Instructions for the task - Below are some records; output exactly the lines from the line with "Switch1 : Switch" to the line with "Constant1/1 -> Sum2/2", both ends kept, and nothing more.

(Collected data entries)
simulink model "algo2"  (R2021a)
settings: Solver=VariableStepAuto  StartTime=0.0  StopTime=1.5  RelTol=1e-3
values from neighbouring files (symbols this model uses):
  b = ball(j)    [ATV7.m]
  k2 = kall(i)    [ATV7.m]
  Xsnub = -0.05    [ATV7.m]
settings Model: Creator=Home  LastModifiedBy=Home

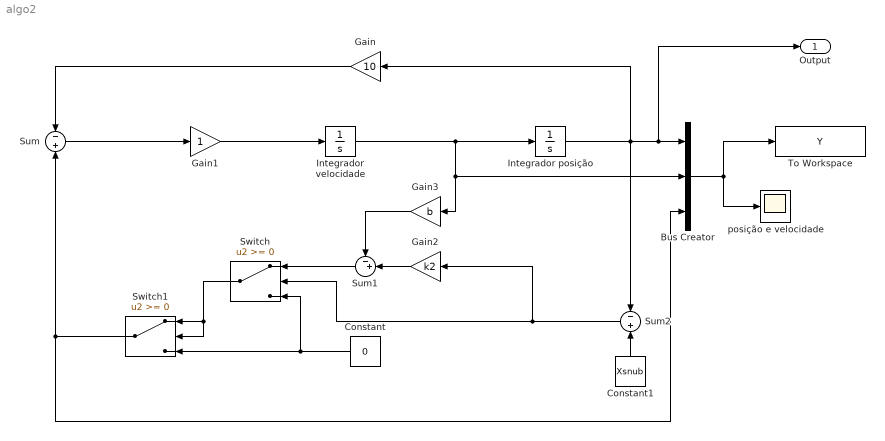
== system algo2 ==
  Bus Creator : BusCreator  Inputs=3
  Constant : Constant  Value=0
  Constant1 : Constant  Value=Xsnub
  Gain : Gain  Gain=10
  Gain1 : Gain
  Gain2 : Gain  Gain=k2
  Gain3 : Gain  Gain=b
  Integrador posição : Integrator  InitialCondition=0.05
  Integrador velocidade : Integrator  InitialCondition=-0.5
  Sum : Sum  Inputs=-|+
  Sum1 : Sum  Inputs=-+|
  Sum2 : Sum  Inputs=-|+
  Switch : Switch
  Switch1 : Switch
  To Workspace : ToWorkspace  VariableName=Y  SampleTime=-1
      settings: Save2DSignal=2-D array (concatenate along first dimension)
  posição e velocidade : Scope
  Output : Outport
  wires:
  Switch1/1 -> Sum/2, Bus Creator/3
  Constant1/1 -> Sum2/2
  Sum/1 -> Gain1/1
  Gain2/1 -> Sum1/2
  Gain/1 -> Sum/1
  Bus Creator/1 -> posição e velocidade/1, To Workspace/1
  Integrador velocidade/1 -> Bus Creator/2, Gain3/1, Integrador posição/1
  Gain3/1 -> Sum1/1
  Gain1/1 -> Integrador velocidade/1
  Integrador posição/1 -> Output/1, Bus Creator/1, Sum2/1, Gain/1
  Sum1/1 -> Switch/1
  Switch/1 -> Switch1/2, Switch1/1
  Constant/1 -> Switch/3, Switch1/3
  Sum2/1 -> Gain2/1, Switch/2

Output of the task -
  Switch1 : Switch
  To Workspace : ToWorkspace  VariableName=Y  SampleTime=-1
      settings: Save2DSignal=2-D array (concatenate along first dimension)
  posição e velocidade : Scope
  Output : Outport
  wires:
  Switch1/1 -> Sum/2, Bus Creator/3
  Constant1/1 -> Sum2/2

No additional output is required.